Parasitic organisms (see Methods, Supplementary Table5) are generally less conserved with respect to humans than free-living organisms (Fig.7A, in red). The lowest percent of orthologs are found in parasitic organisms in Alveolates, Microsporidia (Fungi Incertae Sedis, denoted as Fungi I.S) Kinetoplastids and intestinal flagellates (Hexamitidae, denoted as other eukaryotes) (Fig.7A, in red). Only two organisms show similar loss levels, one micro-algae (Nannochloropsis gaditana in Stramenopiles, marked with a green arrow) and one endosymbiotic Kinetoplastida (Perkinsela, marked with a red arrow). For the endosymbiont, the same rational of gene loss related to host adaptation was previously described49.
Six parasites containing clades were further compared to non-parasitic (free-living or mutualistic) organisms in the same clades and a reference parent clade (Fig.7B, C, a full list of organisms considered parasitic can be found in Supplementary Table5, see Methods). Parasitic clades showed a statistically significant reduction in conservation level (as compared to human) from both the non-parasitic organisms (Nematoda, Alveolata) and the reference clade (all but Stramenopiles, 2-sided MannWhitney test, Fig.7B). Moreover, many of the lost genes in parasitic organisms were highly conserved in non-parasitic organisms in the reference clade (Fig.7C).
Thus, we were interested in mapping the genes lost in each clade and how this signal translates across clades and into pathways. We analyzed genes that are highly conserved in all Eukaryotes but have low conservation in at least one parasitic clade (see Methods), ending up with 4114 genes (Fig.7D). The presence and absence of each gene in each clade were considered, and all clade combinations underwent enrichment analysis for Gene Ontology (GO) biologic processes (see Methods). Parasitic clades often lack orthologs for specific metabolic, signaling, and developmental pathways (Fig.7D, top 10 clade combinations by number of genes in the intersection). By inspecting the different combinations, we found that some pathways were enriched in certain combinations. For example, mRNA splicing genes were lost both in Kinetoplastida and Microsporidia, while GTP signaling genes were lost in either the 2nd, 3rd, or 8th combination (from the left), all consisting of Microsporidia and Alveolates. Hence, some pathways can be identified by their loss pattern in parasitic organisms.

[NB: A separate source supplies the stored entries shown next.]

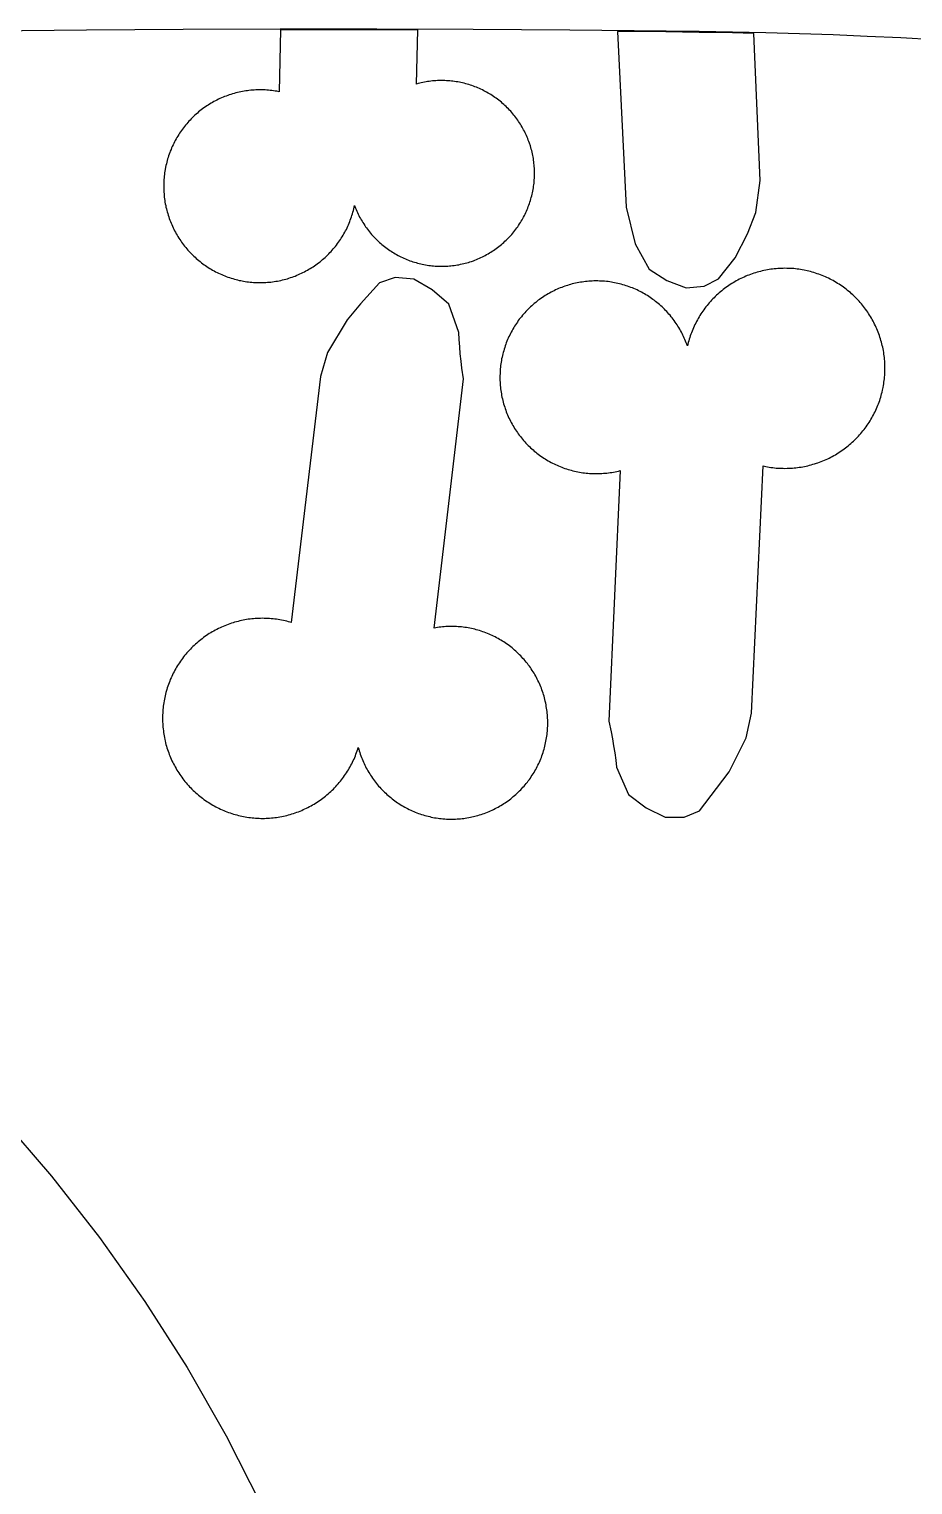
# Model space of a CAD drawing. Extents: x -246 to 246, y -104 to 199.
# Drawn here: x 173.39 to 185.17, y 100.11 to 119.51 of the extents above; entities that cross this region are included whole.
import ezdxf

# ---------------------------------------------------------------- set-up
doc = ezdxf.new("R2010")
doc.units = 0
doc.layers.add('Add_Red', color=1, linetype='Continuous')
doc.layers.add('Outline_Red', color=1, linetype='Continuous')

msp = doc.modelspace()

# ---------------------------------------------------------------- linework, layer by layer
at = {"layer": 'Add_Red'}
for points in [[(176.504, 116.128), (176.526, 116.129), (176.549, 116.13), (176.571, 116.132), (176.593, 116.134), (176.616, 116.136), (176.638, 116.139), (176.66, 116.142), (176.682, 116.145), (176.704, 116.149), (176.726, 116.153), (176.748, 116.158), (176.77, 116.163), (176.792, 116.168), (176.813, 116.174), (176.835, 116.18), (176.856, 116.187), (176.878, 116.194), (176.899, 116.201), (176.92, 116.208), (176.941, 116.216), (176.962, 116.225), (176.982, 116.234), (177.003, 116.243), (177.023, 116.252), (177.043, 116.262), (177.063, 116.272), (177.083, 116.283), (177.103, 116.293), (177.122, 116.305), (177.141, 116.316), (177.161, 116.328), (177.179, 116.34), (177.198, 116.353), (177.216, 116.365), (177.234, 116.379), (177.252, 116.392), (177.27, 116.406), (177.287, 116.42), (177.305, 116.434), (177.322, 116.449), (177.338, 116.464), (177.355, 116.479), (177.371, 116.495), (177.387, 116.511), (177.402, 116.527), (177.418, 116.543), (177.433, 116.56), (177.447, 116.577), (177.462, 116.594), (177.476, 116.611), (177.49, 116.629), (177.503, 116.647), (177.516, 116.665), (177.529, 116.683), (177.542, 116.702), (177.554, 116.72), (177.566, 116.739), (177.578, 116.759), (177.589, 116.778), (177.6, 116.798), (177.61, 116.817), (177.621, 116.837), (177.63, 116.858), (177.64, 116.878), (177.649, 116.898), (177.658, 116.919), (177.666, 116.94), (177.674, 116.961), (177.682, 116.982), (177.689, 117.003), (177.696, 117.024), (177.703, 117.046), (177.709, 117.067), (177.715, 117.089), (177.72, 117.11), (177.725, 117.132), (177.73, 117.154), (177.744, 117.119), (177.752, 117.1), (177.76, 117.08), (177.769, 117.06), (177.779, 117.041), (177.788, 117.021), (177.798, 117.002), (177.809, 116.983), (177.819, 116.964), (177.83, 116.946), (177.841, 116.927), (177.853, 116.909), (177.865, 116.891), (177.877, 116.873), (177.89, 116.856), (177.903, 116.838), (177.916, 116.821), (177.929, 116.804), (177.943, 116.788), (177.957, 116.771), (177.971, 116.755), (177.986, 116.739), (178.001, 116.724), (178.016, 116.708), (178.031, 116.693), (178.047, 116.678), (178.063, 116.664), (178.079, 116.649), (178.095, 116.635), (178.112, 116.621), (178.129, 116.608), (178.146, 116.595), (178.163, 116.582), (178.181, 116.57), (178.199, 116.557), (178.217, 116.545), (178.235, 116.534), (178.253, 116.523), (178.272, 116.512), (178.291, 116.501), (178.31, 116.491), (178.329, 116.481), (178.348, 116.471), (178.368, 116.462), (178.387, 116.453), (178.407, 116.444), (178.427, 116.436), (178.447, 116.428), (178.467, 116.42), (178.488, 116.413), (178.508, 116.406), (178.529, 116.4), (178.55, 116.394), (178.57, 116.388), (178.591, 116.383), (178.612, 116.378), (178.633, 116.373), (178.655, 116.369), (178.676, 116.365), (178.697, 116.361), (178.718, 116.358), (178.74, 116.355), (178.761, 116.353), (178.783, 116.351), (178.804, 116.349), (178.826, 116.348), (178.847, 116.347), (178.869, 116.346), (178.891, 116.346), (178.928, 116.346), (178.95, 116.347), (178.971, 116.348), (178.993, 116.35), (179.014, 116.352), (179.036, 116.354), (179.057, 116.357), (179.078, 116.36), (179.1, 116.364), (179.121, 116.367), (179.142, 116.372), (179.163, 116.376), (179.184, 116.381), (179.205, 116.387), (179.226, 116.392), (179.247, 116.398), (179.267, 116.405), (179.288, 116.411), (179.314, 116.42), (179.334, 116.428), (179.354, 116.436), (179.374, 116.444), (179.394, 116.453), (179.413, 116.462), (179.433, 116.471), (179.452, 116.481), (179.471, 116.491), (179.49, 116.501), (179.509, 116.512), (179.528, 116.523), (179.546, 116.534), (179.564, 116.545), (179.582, 116.557), (179.6, 116.57), (179.618, 116.582), (179.635, 116.595), (179.652, 116.608), (179.669, 116.621), (179.686, 116.635), (179.702, 116.649), (179.718, 116.664), (179.734, 116.678), (179.75, 116.693), (179.765, 116.708), (179.78, 116.724), (179.795, 116.739), (179.81, 116.755), (179.824, 116.771), (179.838, 116.788), (179.852, 116.804), (179.865, 116.821), (179.879, 116.838), (179.891, 116.856), (179.904, 116.873), (179.916, 116.891), (179.928, 116.909), (179.94, 116.927), (179.951, 116.946), (179.962, 116.964), (179.973, 116.983), (179.983, 117.002), (179.993, 117.021), (180.002, 117.041), (180.012, 117.06), (180.021, 117.08), (180.029, 117.1), (180.038, 117.119), (180.045, 117.14), (180.053, 117.16), (180.06, 117.18), (180.067, 117.201), (180.074, 117.221), (180.08, 117.242), (180.085, 117.263), (180.091, 117.284), (180.096, 117.305), (180.101, 117.326), (180.105, 117.347), (180.109, 117.368), (180.112, 117.389), (180.116, 117.411), (180.118, 117.432), (180.121, 117.454), (180.123, 117.475), (180.125, 117.497), (180.126, 117.518), (180.127, 117.54), (180.127, 117.561), (180.128, 117.583), (180.127, 117.609), (180.127, 117.63), (180.126, 117.652), (180.124, 117.673), (180.123, 117.695), (180.12, 117.716), (180.118, 117.738), (180.115, 117.759), (180.112, 117.781), (180.108, 117.802), (180.104, 117.823), (180.1, 117.844), (180.095, 117.865), (180.09, 117.886), (180.084, 117.907), (180.079, 117.928), (180.072, 117.949), (180.06, 117.986), (180.053, 118.006), (180.045, 118.026), (180.038, 118.046), (180.029, 118.066), (180.021, 118.086), (180.012, 118.106), (180.002, 118.125), (179.993, 118.144), (179.983, 118.164), (179.973, 118.183), (179.962, 118.201), (179.951, 118.22), (179.94, 118.238), (179.928, 118.257), (179.916, 118.275), (179.904, 118.292), (179.891, 118.31), (179.879, 118.327), (179.865, 118.344), (179.852, 118.361), (179.838, 118.378), (179.824, 118.394), (179.81, 118.411), (179.795, 118.427), (179.78, 118.442), (179.765, 118.458), (179.75, 118.473), (179.734, 118.488), (179.718, 118.502), (179.702, 118.516), (179.686, 118.53), (179.669, 118.544), (179.652, 118.558), (179.635, 118.571), (179.618, 118.584), (179.6, 118.596), (179.582, 118.608), (179.564, 118.62), (179.546, 118.632), (179.528, 118.643), (179.509, 118.654), (179.49, 118.665), (179.471, 118.675), (179.452, 118.685), (179.433, 118.695), (179.413, 118.704), (179.394, 118.713), (179.374, 118.722), (179.354, 118.73), (179.334, 118.738), (179.314, 118.745), (179.293, 118.752), (179.273, 118.759), (179.252, 118.766), (179.232, 118.772), (179.211, 118.778), (179.19, 118.783), (179.169, 118.788), (179.148, 118.793), (179.127, 118.797), (179.105, 118.801), (179.084, 118.805), (179.063, 118.808), (179.041, 118.811), (179.02, 118.813), (178.998, 118.815), (178.977, 118.817), (178.955, 118.818), (178.934, 118.819), (178.912, 118.82), (178.891, 118.82), (178.855, 118.819), (178.833, 118.819), (178.812, 118.817), (178.79, 118.816), (178.769, 118.814), (178.747, 118.812), (178.726, 118.809), (178.704, 118.806), (178.683, 118.802), (178.662, 118.799), (178.641, 118.794), (178.619, 118.79), (178.598, 118.785), (178.578, 118.78), (178.557, 118.774), (178.573, 119.494), (178.025, 119.495), (176.744, 119.494), (176.724, 118.671), (176.695, 118.677), (176.673, 118.68), (176.651, 118.684), (176.629, 118.687), (176.606, 118.689), (176.584, 118.691), (176.562, 118.693), (176.539, 118.695), (176.517, 118.696), (176.494, 118.696), (176.472, 118.696), (176.436, 118.696), (176.414, 118.695), (176.391, 118.694), (176.369, 118.692), (176.347, 118.69), (176.324, 118.688), (176.302, 118.685), (176.28, 118.682), (176.258, 118.678), (176.236, 118.674), (176.214, 118.67), (176.192, 118.665), (176.17, 118.66), (176.148, 118.655), (176.127, 118.649), (176.105, 118.643), (176.084, 118.636), (176.062, 118.629), (176.041, 118.622), (176.02, 118.614), (175.999, 118.606), (175.979, 118.598), (175.958, 118.589), (175.937, 118.58), (175.917, 118.57), (175.897, 118.56), (175.877, 118.55), (175.857, 118.54), (175.838, 118.529), (175.818, 118.517), (175.799, 118.506), (175.78, 118.494), (175.761, 118.482), (175.743, 118.469), (175.724, 118.456), (175.706, 118.443), (175.688, 118.43), (175.671, 118.416), (175.653, 118.402), (175.636, 118.387), (175.619, 118.372), (175.603, 118.357), (175.586, 118.342), (175.57, 118.326), (175.554, 118.311), (175.539, 118.294), (175.524, 118.278), (175.509, 118.261), (175.494, 118.244), (175.48, 118.227), (175.466, 118.21), (175.452, 118.192), (175.438, 118.174), (175.425, 118.156), (175.412, 118.138), (175.4, 118.119), (175.388, 118.1), (175.376, 118.081), (175.364, 118.062), (175.353, 118.043), (175.342, 118.023), (175.332, 118.003), (175.322, 117.983), (175.312, 117.963), (175.302, 117.943), (175.293, 117.922), (175.285, 117.901), (175.276, 117.881), (175.268, 117.86), (175.261, 117.839), (175.253, 117.817), (175.247, 117.796), (175.24, 117.775), (175.234, 117.753), (175.228, 117.731), (175.223, 117.71), (175.218, 117.688), (175.213, 117.666), (175.207, 117.635), (175.204, 117.613), (175.2, 117.591), (175.197, 117.569), (175.195, 117.546), (175.193, 117.524), (175.191, 117.502), (175.19, 117.479), (175.189, 117.457), (175.188, 117.434), (175.188, 117.412), (175.188, 117.378), (175.189, 117.356), (175.19, 117.333), (175.192, 117.311), (175.194, 117.289), (175.196, 117.266), (175.199, 117.244), (175.202, 117.222), (175.205, 117.2), (175.209, 117.178), (175.214, 117.156), (175.218, 117.134), (175.223, 117.112), (175.229, 117.09), (175.235, 117.069), (175.241, 117.047), (175.247, 117.026), (175.254, 117.004), (175.261, 116.983), (175.269, 116.962), (175.277, 116.941), (175.286, 116.92), (175.294, 116.9), (175.303, 116.879), (175.313, 116.859), (175.323, 116.839), (175.333, 116.819), (175.343, 116.799), (175.354, 116.779), (175.366, 116.76), (175.377, 116.741), (175.389, 116.722), (175.401, 116.703), (175.414, 116.684), (175.427, 116.666), (175.44, 116.648), (175.453, 116.63), (175.467, 116.612), (175.481, 116.595), (175.496, 116.578), (175.51, 116.561), (175.525, 116.544), (175.541, 116.528), (175.556, 116.512), (175.572, 116.496), (175.588, 116.48), (175.605, 116.465), (175.621, 116.45), (175.638, 116.435), (175.655, 116.421), (175.673, 116.407), (175.69, 116.393), (175.708, 116.38), (175.726, 116.366), (175.745, 116.354), (175.763, 116.341), (175.782, 116.329), (175.801, 116.317), (175.82, 116.305), (175.84, 116.294), (175.859, 116.283), (175.879, 116.273), (175.899, 116.263), (175.919, 116.253), (175.94, 116.243), (175.96, 116.234), (175.981, 116.225), (176.002, 116.217), (176.022, 116.209), (176.043, 116.201), (176.065, 116.194), (176.086, 116.187), (176.107, 116.181), (176.129, 116.174), (176.151, 116.169), (176.172, 116.163), (176.194, 116.158), (176.216, 116.154), (176.249, 116.147), (176.271, 116.144), (176.293, 116.14), (176.316, 116.137), (176.338, 116.135), (176.36, 116.133), (176.382, 116.131), (176.405, 116.13), (176.427, 116.129), (176.45, 116.128), (176.472, 116.128), (176.504, 116.128)], [(182.389, 116.079), (182.578, 116.179), (182.799, 116.46), (182.966, 116.776), (183.074, 117.064), (183.133, 117.488), (183.05, 119.448), (182.764, 119.454), (182.32, 119.462), (181.879, 119.468), (181.233, 119.475), (181.349, 117.132), (181.469, 116.644), (181.653, 116.306), (181.892, 116.156), (182.146, 116.06), (182.389, 116.079)], [(179.05, 108.98), (179.073, 108.981), (179.095, 108.982), (179.117, 108.983), (179.14, 108.985), (179.162, 108.988), (179.184, 108.99), (179.206, 108.993), (179.228, 108.997), (179.251, 109.001), (179.273, 109.005), (179.294, 109.009), (179.316, 109.014), (179.352, 109.023), (179.374, 109.029), (179.396, 109.036), (179.417, 109.043), (179.438, 109.05), (179.459, 109.057), (179.48, 109.065), (179.501, 109.073), (179.522, 109.082), (179.542, 109.091), (179.563, 109.1), (179.583, 109.11), (179.603, 109.12), (179.623, 109.13), (179.643, 109.141), (179.662, 109.152), (179.681, 109.163), (179.7, 109.175), (179.719, 109.187), (179.738, 109.199), (179.756, 109.212), (179.775, 109.225), (179.793, 109.238), (179.81, 109.252), (179.828, 109.266), (179.845, 109.28), (179.862, 109.295), (179.879, 109.309), (179.896, 109.325), (179.912, 109.34), (179.928, 109.356), (179.944, 109.372), (179.959, 109.388), (179.974, 109.404), (179.989, 109.421), (180.004, 109.438), (180.018, 109.456), (180.032, 109.473), (180.045, 109.491), (180.059, 109.509), (180.072, 109.527), (180.084, 109.546), (180.097, 109.564), (180.109, 109.583), (180.121, 109.602), (180.132, 109.622), (180.143, 109.641), (180.154, 109.661), (180.164, 109.681), (180.174, 109.701), (180.184, 109.721), (180.193, 109.741), (180.202, 109.762), (180.21, 109.782), (180.219, 109.803), (180.226, 109.824), (180.234, 109.845), (180.241, 109.867), (180.248, 109.888), (180.254, 109.91), (180.26, 109.931), (180.266, 109.953), (180.271, 109.975), (180.276, 109.996), (180.28, 110.018), (180.284, 110.04), (180.288, 110.063), (180.291, 110.085), (180.294, 110.107), (180.297, 110.129), (180.299, 110.151), (180.301, 110.174), (180.302, 110.196), (180.303, 110.219), (180.304, 110.241), (180.304, 110.263), (180.303, 110.304), (180.302, 110.326), (180.301, 110.348), (180.299, 110.371), (180.297, 110.393), (180.295, 110.415), (180.292, 110.438), (180.289, 110.46), (180.285, 110.482), (180.281, 110.504), (180.277, 110.526), (180.271, 110.552), (180.266, 110.574), (180.26, 110.596), (180.254, 110.617), (180.248, 110.639), (180.241, 110.66), (180.234, 110.681), (180.226, 110.702), (180.219, 110.723), (180.21, 110.744), (180.202, 110.765), (180.193, 110.785), (180.184, 110.806), (180.174, 110.826), (180.164, 110.846), (180.154, 110.866), (180.143, 110.886), (180.132, 110.905), (180.121, 110.924), (180.109, 110.944), (180.097, 110.962), (180.084, 110.981), (180.072, 111), (180.059, 111.018), (180.045, 111.036), (180.032, 111.054), (180.018, 111.071), (180.004, 111.088), (179.989, 111.105), (179.974, 111.122), (179.959, 111.139), (179.944, 111.155), (179.928, 111.171), (179.912, 111.187), (179.896, 111.202), (179.879, 111.217), (179.862, 111.232), (179.845, 111.247), (179.828, 111.261), (179.81, 111.275), (179.793, 111.289), (179.775, 111.302), (179.756, 111.315), (179.738, 111.328), (179.719, 111.34), (179.7, 111.352), (179.681, 111.364), (179.662, 111.375), (179.643, 111.386), (179.623, 111.397), (179.603, 111.407), (179.583, 111.417), (179.563, 111.427), (179.542, 111.436), (179.522, 111.445), (179.501, 111.454), (179.48, 111.462), (179.459, 111.47), (179.438, 111.477), (179.417, 111.484), (179.396, 111.491), (179.374, 111.497), (179.352, 111.503), (179.331, 111.509), (179.309, 111.514), (179.287, 111.519), (179.265, 111.523), (179.243, 111.527), (179.221, 111.531), (179.199, 111.534), (179.177, 111.537), (179.154, 111.54), (179.132, 111.542), (179.11, 111.544), (179.087, 111.545), (179.065, 111.546), (179.043, 111.547), (179.02, 111.547), (178.992, 111.547), (178.97, 111.546), (178.947, 111.545), (178.925, 111.543), (178.902, 111.542), (178.88, 111.539), (178.858, 111.537), (178.836, 111.534), (178.814, 111.53), (178.792, 111.526), (179.181, 114.845), (179.16, 114.987), (179.149, 115.082), (179.139, 115.177), (179.131, 115.273), (179.124, 115.368), (179.119, 115.464), (178.986, 115.841), (178.766, 116.033), (178.522, 116.173), (178.271, 116.194), (178.061, 116.123), (177.81, 115.844), (177.63, 115.632), (177.368, 115.198), (177.277, 114.875), (176.888, 111.599), (176.85, 111.61), (176.827, 111.616), (176.805, 111.621), (176.782, 111.626), (176.759, 111.631), (176.736, 111.635), (176.713, 111.639), (176.69, 111.643), (176.667, 111.646), (176.644, 111.648), (176.621, 111.65), (176.598, 111.652), (176.575, 111.654), (176.551, 111.655), (176.528, 111.655), (176.505, 111.656), (176.477, 111.655), (176.454, 111.655), (176.431, 111.653), (176.407, 111.652), (176.384, 111.65), (176.361, 111.648), (176.338, 111.645), (176.315, 111.642), (176.292, 111.638), (176.269, 111.634), (176.246, 111.63), (176.223, 111.625), (176.201, 111.62), (176.178, 111.615), (176.156, 111.609), (176.133, 111.603), (176.111, 111.596), (176.089, 111.589), (176.067, 111.581), (176.045, 111.574), (176.023, 111.565), (176.001, 111.557), (175.98, 111.548), (175.959, 111.538), (175.938, 111.529), (175.917, 111.519), (175.896, 111.508), (175.875, 111.497), (175.855, 111.486), (175.835, 111.475), (175.815, 111.463), (175.795, 111.451), (175.775, 111.438), (175.756, 111.425), (175.737, 111.412), (175.718, 111.398), (175.699, 111.384), (175.681, 111.37), (175.663, 111.356), (175.645, 111.341), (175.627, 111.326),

However, a sensitivity analysis of excluding parasitic organisms in the training of the method results in conflicting evidence. On one hand, while many of the clades with highest importance contain parasites (as mentioned above), excluding parasites or these clades causes only a mild reduction in performance (see Methods, Supplementary Table6). On the other hand, clade importance does indeed shift from these clades to others (Supplementary Fig.18). This suggests that while parasitic organisms do indeed contribute to the model presented in this work, other signals exist in phylogenetic profiling which can reach a similar performance.